The input
————
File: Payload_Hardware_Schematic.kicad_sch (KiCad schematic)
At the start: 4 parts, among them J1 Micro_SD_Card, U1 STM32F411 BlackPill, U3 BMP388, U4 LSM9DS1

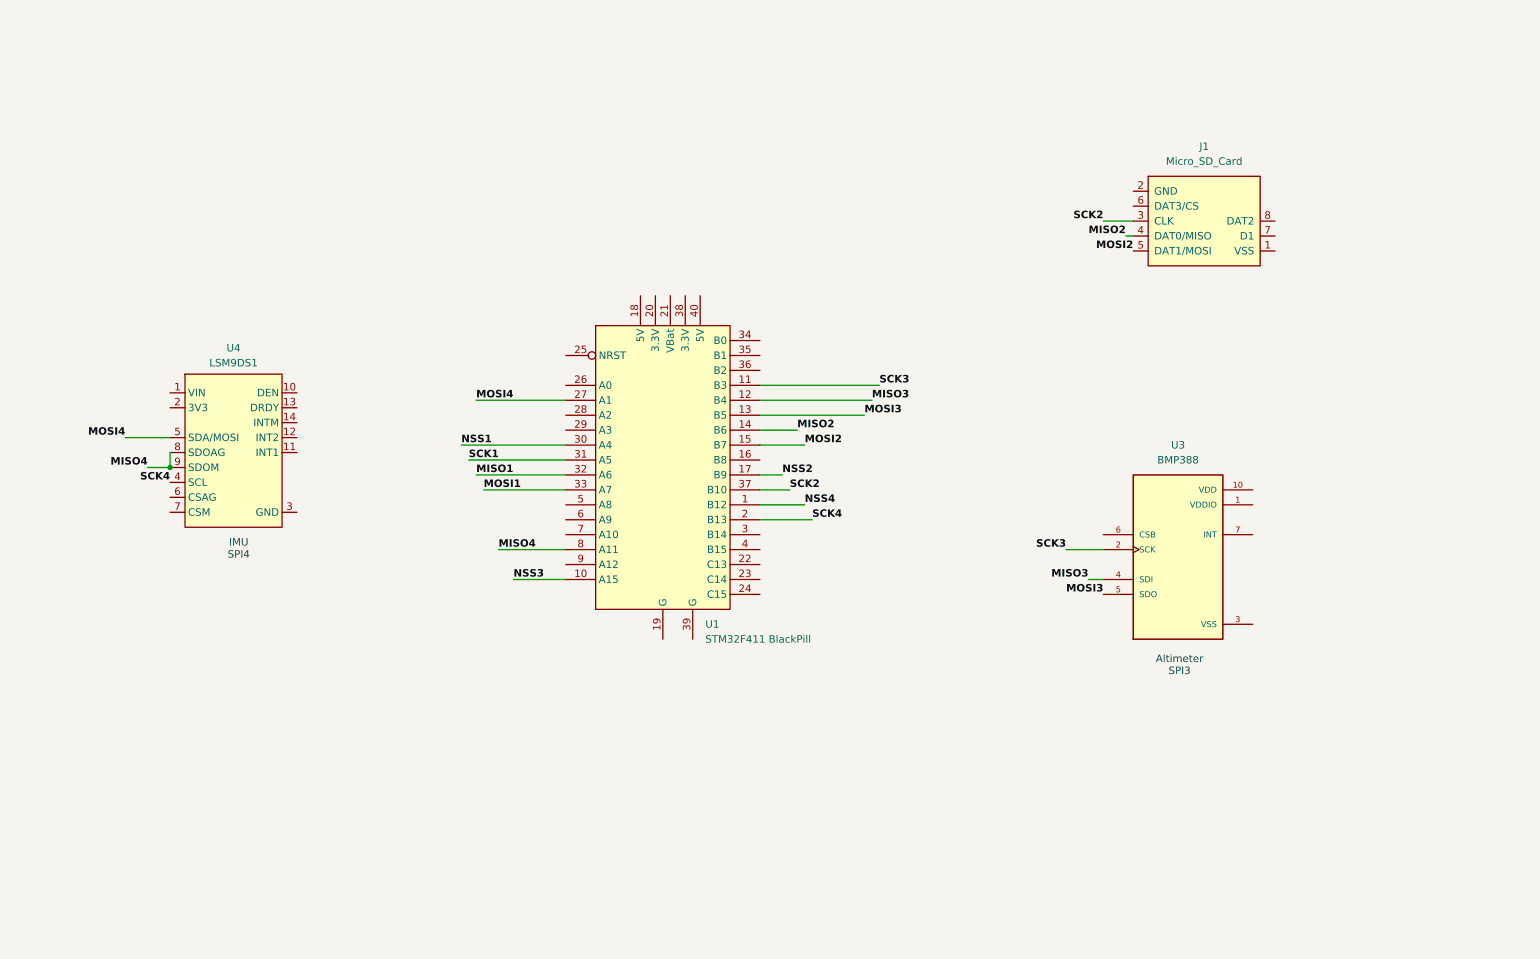
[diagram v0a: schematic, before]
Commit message: Combined Power and Electronics Schematic
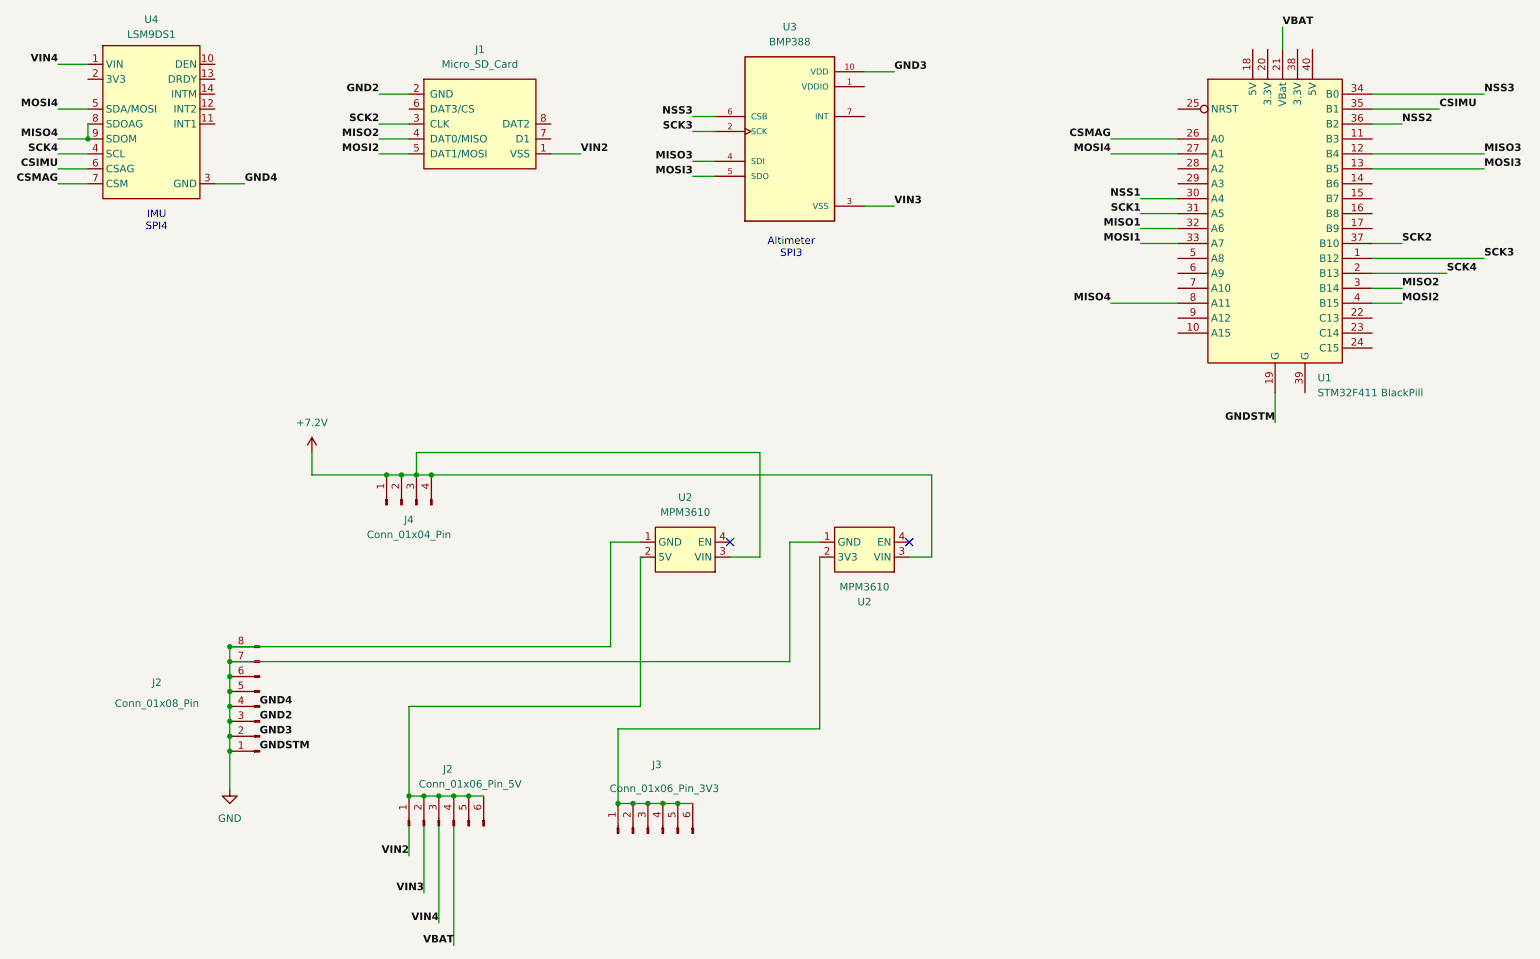
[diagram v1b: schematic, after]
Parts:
- added J2: Conn_01x06_Pin_5V, symbol Connector:Conn_01x06_Pin
- added J2: Conn_01x08_Pin, symbol Connector:Conn_01x08_Pin
- added J3: Conn_01x06_Pin_3V3, symbol Connector:Conn_01x06_Pin
- added J4: Conn_01x04_Pin, symbol Connector:Conn_01x04_Pin
- added U2 (x2): MPM3610, Footprints:MPM3610, symbol Avionics_Symbols:MPM3610
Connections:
- net NSS4 is gone; now on net SCK3: U1.1 (B12)
- net GND: now also J2.1 (Pin_1), J2.2 (Pin_2), J2.3 (Pin_3), J2.4 (Pin_4), J2.5 (Pin_5), J2.6 (Pin_6), J2.7 (Pin_7), J2.8 (Pin_8), U2.1 (GND), U2.1 (GND)
- net MISO2: now also U1.3 (B14); no longer U1.14 (B6)
- net MOSI2: now also U1.4 (B15); no longer U1.15 (B7)
- net NSS2: now also U1.36 (B2); no longer U1.17 (B9)
- net NSS3: now also U1.34 (B0), U3.6 (CSB); no longer U1.10 (A15)
- net SCK3: no longer U1.11 (B3)
- net GND3: now reaches U3.10 (VDD)
- net at J1.2 (GND): no longer names the net of J1.2 (GND)
- net VIN4: now reaches U4.1 (VIN)
- net GND4: now reaches U4.3 (GND)
- net CSIMU: now reaches U4.6 (CSAG)
- net CSIMU: now also U1.35 (B1)
- net CSMAG: now reaches U4.7 (CSM)
- net CSMAG: now also U1.26 (A0)
- net GNDSTM: now reaches U1.19 (G)
- net VBAT: now reaches U1.21 (VBat)
- new net: J3.1 (Pin_1), J3.2 (Pin_2), J3.3 (Pin_3), J3.4 (Pin_4), J3.5 (Pin_5), J3.6 (Pin_6), U2.2 (3V3)
- new net: J2.1 (Pin_1), J2.2 (Pin_2), J2.3 (Pin_3), J2.4 (Pin_4), J2.5 (Pin_5), J2.6 (Pin_6), U2.2 (5V)
- new net +7.2V: J4.1 (Pin_1), J4.2 (Pin_2), J4.3 (Pin_3), J4.4 (Pin_4), U2.3 (VIN), U2.3 (VIN)
- no-connect marks 0 -> 2
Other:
- moved on the sheet: J1, U1, U3, U4

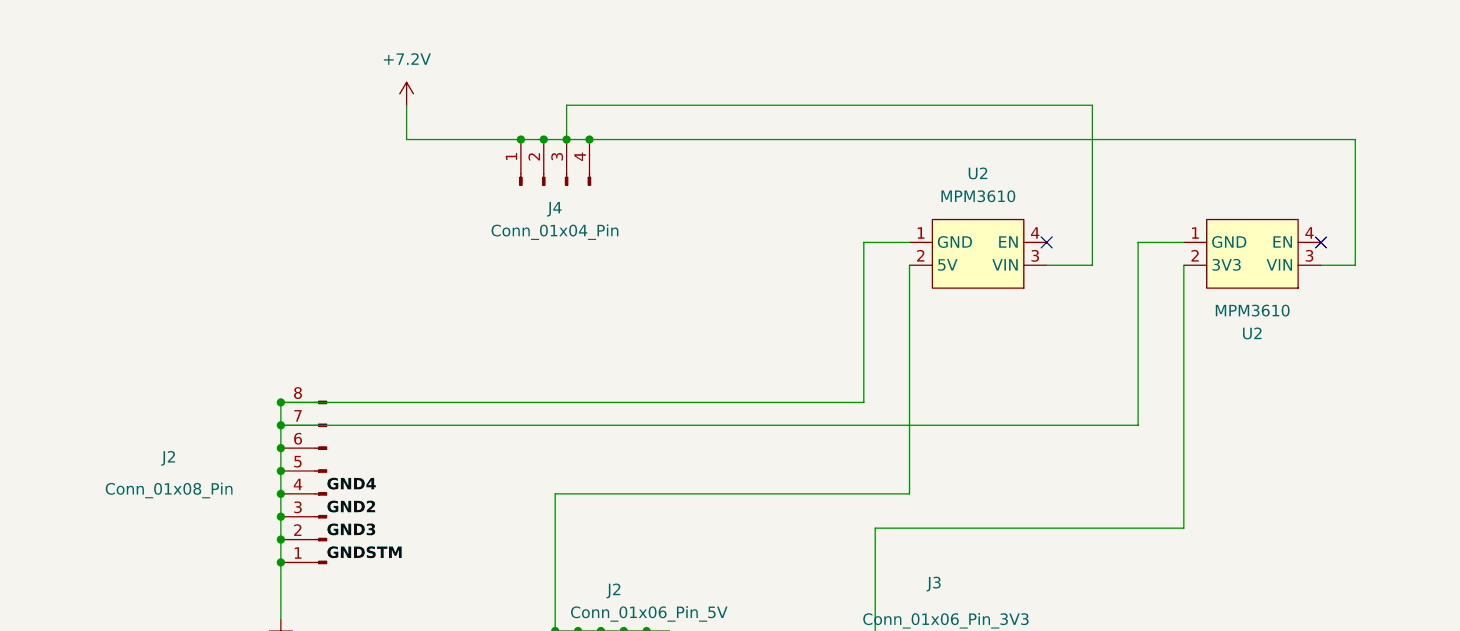
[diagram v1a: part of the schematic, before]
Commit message: Added the power regulator footprints to Footprints folder
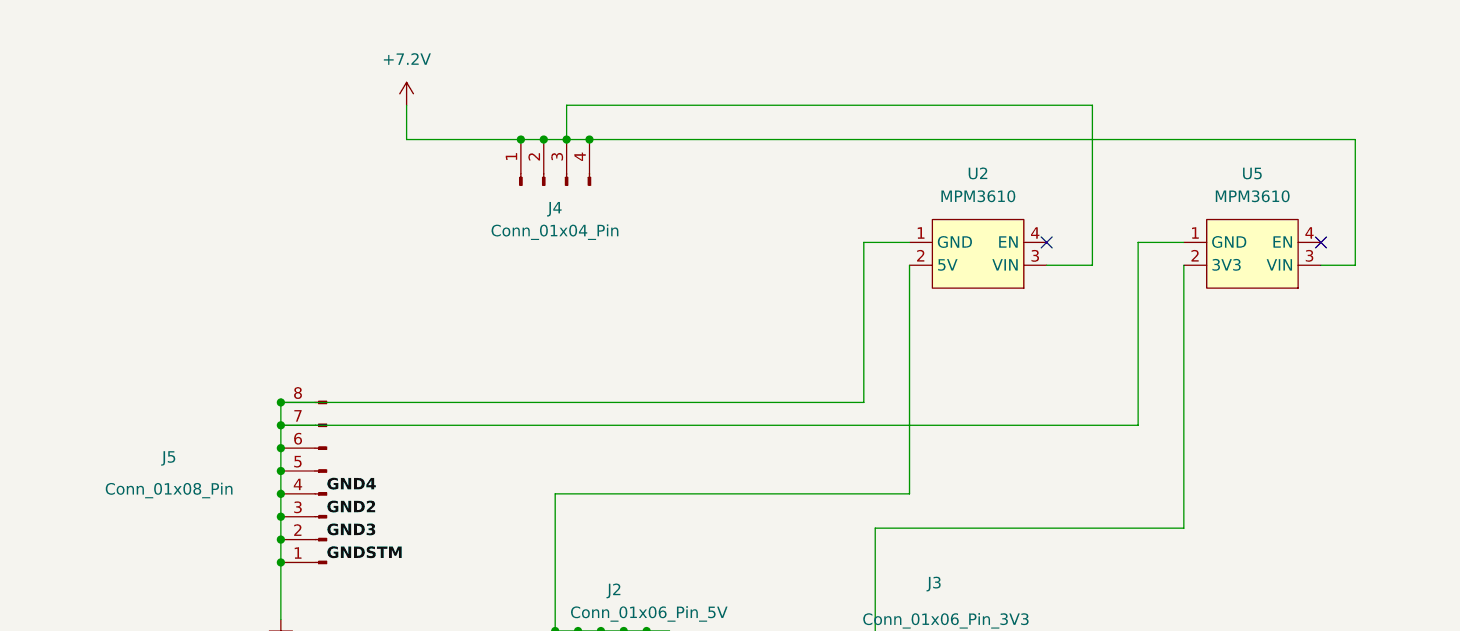
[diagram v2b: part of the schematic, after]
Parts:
- U2: footprint Footprints:MPM3610 -> PowerRegulation:MPM3610
- U5: renamed from U2; footprint Footprints:MPM3610 -> PowerRegulation:MPM3610
- renumbered J2 to J5
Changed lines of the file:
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@@
 		(dnp no)
 		(fields_autoplaced yes)
-		(property "Reference" "U2"
-			(at 166.37 118.11 0)
+		(property "Reference" "U5"
+			(at 166.37 100.33 0)
 			(effects
 				(font
@@
 		)
 		(property "Value" "MPM3610"
-			(at 166.37 115.57 0)
-			(effects
-				(font
-					(size 1.27 1.27)
-				)
-			)
-		)
-		(property "Footprint" "Footprints:MPM3610"
+			(at 166.37 102.87 0)
+			(effects
+				(font
+					(size 1.27 1.27)
+				)
+			)
+		)
+		(property "Footprint" "PowerRegulation:MPM3610"
 			(at 165.1 102.87 0)
 			(effects
@@
 			(project "Payload_Hardware_Schematic"
 				(path "/f4ead8bb-2437-4e54-a6d9-f5ca11bfd675"
-					(reference "U2")
+					(reference "U5")
 					(unit 1)
 				)
@@
 			)
 		)
-		(property "Footprint" "Footprints:MPM3610"
+		(property "Footprint" "PowerRegulation:MPM3610"
 			(at 134.62 102.87 0)
 			(effects
@@
 		(on_board yes)
 		(dnp no)
-		(property "Reference" "J2"
+		(property "Reference" "J5"
 			(at 45.212 131.826 0)
 			(effects
@@
 			(project "Payload_Hardware_Schematic"
 				(path "/f4ead8bb-2437-4e54-a6d9-f5ca11bfd675"
-					(reference "J2")
-					(unit 1)
-				)
+					(reference "J5")
+					(unit 1)
+				)

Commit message: Editted power and labels
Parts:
- added U6: ~, BMP388:BMP388_Breakout, symbol BMP388_new:BMP388_Breakout
- J2, J3: footprint (none) -> Connector_PinSocket_2.54mm:PinSocket_1x06_P2.54mm_Vertical
- J4: footprint (none) -> Connector_PinSocket_2.54mm:PinSocket_1x04_P2.54mm_Vertical
- J5: footprint (none) -> Connector_PinSocket_2.54mm:PinSocket_1x08_P2.54mm_Vertical
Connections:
- net GND3: now also U6.3 (GND)
- net MISO3: now also U6.5 (SDO)
- net MOSI3: now also U6.6 (SDA)
- net NSS3: now also U6.7 (CS)
- net SCK3: now also U6.4 (SCL)
- net VSS: now also U6.1 (VIN)
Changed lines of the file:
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@@
+	)
+	(label "VIN3"
+		(at 111.76 80.01 0)
+		(effects
+			(font
+				(size 1.27 1.27)
+				(thickness 0.254)
+				(bold yes)
+				(color 0 0 194 1)
+			)
+			(justify left bottom)
+		)
 	)
 	(label "VIN3"
@@
 		)
 	)
+	(label "SCK3"
+		(at 111.76 72.39 0)
+		(effects
+			(font
+				(size 1.27 1.27)
+				(thickness 0.254)
+				(bold yes)
+				(color 23 39 255 1)
+			)
+			(justify left bottom)
+		)
+	)
 	(label "GND2"
 		(at 63.5 138.43 0)
@@
 		)
 	)
+	(label "MISO3"
+		(at 111.76 69.85 0)
+		(effects
+			(font
+				(size 1.27 1.27)
+				(thickness 0.254)
+				(bold yes)
+				(color 23 39 255 1)
+			)
+			(justify left bottom)
+		)
+	)
 	(label "VIN3"
 		(at 91.44 167.64 180)
@@
 		)
 	)
+	(label "GND3"
+		(at 111.76 74.93 0)
+		(effects
+			(font
+				(size 1.27 1.27)
+				(thickness 0.254)
+				(bold yes)
+				(color 0 0 194 1)
+			)
+			(justify left bottom)
+		)
+	)
 	(label "VIN4"
 		(at 29.21 26.67 180)
@@
 		)
 	)
+	(label "NSS3"
+		(at 111.76 64.77 0)
+		(effects
+			(font
+				(size 1.27 1.27)
+				(thickness 0.254)
+				(bold yes)
+				(color 23 39 255 1)
+			)
+			(justify left bottom)
+		)
+	)
 	(label "MISO4"
 		(at 208.28 67.31 180)
@@
 			)
 			(justify right bottom)
+		)
+	)
+	(label "MOSI3"
+		(at 111.76 67.31 0)
+		(effects
+			(font
+				(size 1.27 1.27)
+				(thickness 0.254)
+				(bold yes)
+				(color 23 39 255 1)
+			)
+			(justify left bottom)
 		)
 	)
@@
 			)
 		)
-		(property "Footprint" ""
+		(property "Footprint" "Connector_PinSocket_2.54mm:PinSocket_1x06_P2.54mm_Vertical"
 			(at 129.54 157.48 0)
 			(effects
@@
 			)
 		)
-		(property "Footprint" ""
+		(property "Footprint" "Connector_PinSocket_2.54mm:PinSocket_1x06_P2.54mm_Vertical"
 			(at 93.98 156.21 0)
 			(effects
@@
 		(pin "7"
 		)
+		(pin "9"
+		)
 		(instances
 			(project "Payload_Hardware_Schematic"
 				(path "/f4ead8bb-2437-4e54-a6d9-f5ca11bfd675"
 					(reference "J1")
+					(unit 1)
+				)
+			)
+		)
+	)
+	(symbol
+		(lib_id "BMP388_new:BMP388_Breakout")
+		(at 105.41 68.58 90)
+		(unit 1)
+		(exclude_from_sim no)
+		(in_bom yes)
+		(on_board yes)
+		(dnp no)
+		(fields_autoplaced yes)
+		(property "Reference" "U6"
+			(at 102.5525 54.61 90)
+			(effects
+				(font
+					(size 1.27 1.27)
+				)
+			)
+		)
+		(property "Value" "~"
+			(at 102.5525 57.15 90)
+			(effects
+				(font
+					(size 1.27 1.27)
+				)
+			)
+		)
+		(property "Footprint" "BMP388:BMP388_Breakout"
+			(at 105.41 68.58 0)
+			(effects
+				(font
+					(size 1.27 1.27)
+				)
+				(hide yes)
+			)
+		)
+		(property "Datasheet" ""
+			(at 105.41 68.58 0)
+			(effects
+				(font
+					(size 1.27 1.27)
+				)
+				(hide yes)
+			)
+		)
+		(property "Description" ""
+			(at 105.41 68.58 0)
+			(effects
+				(font
+					(size 1.27 1.27)
+				)
+				(hide yes)
+			)
+		)
+		(pin "1"
+		)
+		(pin "3"
+		)
+		(pin "8"
+		)
+		(pin "2"
+		)
+		(pin "6"
+		)
+		(pin "7"
+		)
+		(pin "5"
+		)
+		(pin "4"
+		)
+		(instances
+			(project ""
+				(path "/f4ead8bb-2437-4e54-a6d9-f5ca11bfd675"
+					(reference "U6")
 					(unit 1)
 				)
@@
 			)
 		)
-		(property "Footprint" ""
+		(property "Footprint" "Connector_PinSocket_2.54mm:PinSocket_1x08_P2.54mm_Vertical"
 			(at 63.5 135.89 0)
 			(effects
@@
 			)
 		)
-		(property "Footprint" ""
+		(property "Footprint" "Connector_PinSocket_2.54mm:PinSocket_1x04_P2.54mm_Vertical"
 			(at 87.63 101.6 0)
 			(effects
————
Goal of the exercise
Would you filter the records and copy each line that contains the word "Commit"?

Task response
Commit message: Combined Power and Electronics Schematic
Commit message: Added the power regulator footprints to Footprints folder
Commit message: Editted power and labels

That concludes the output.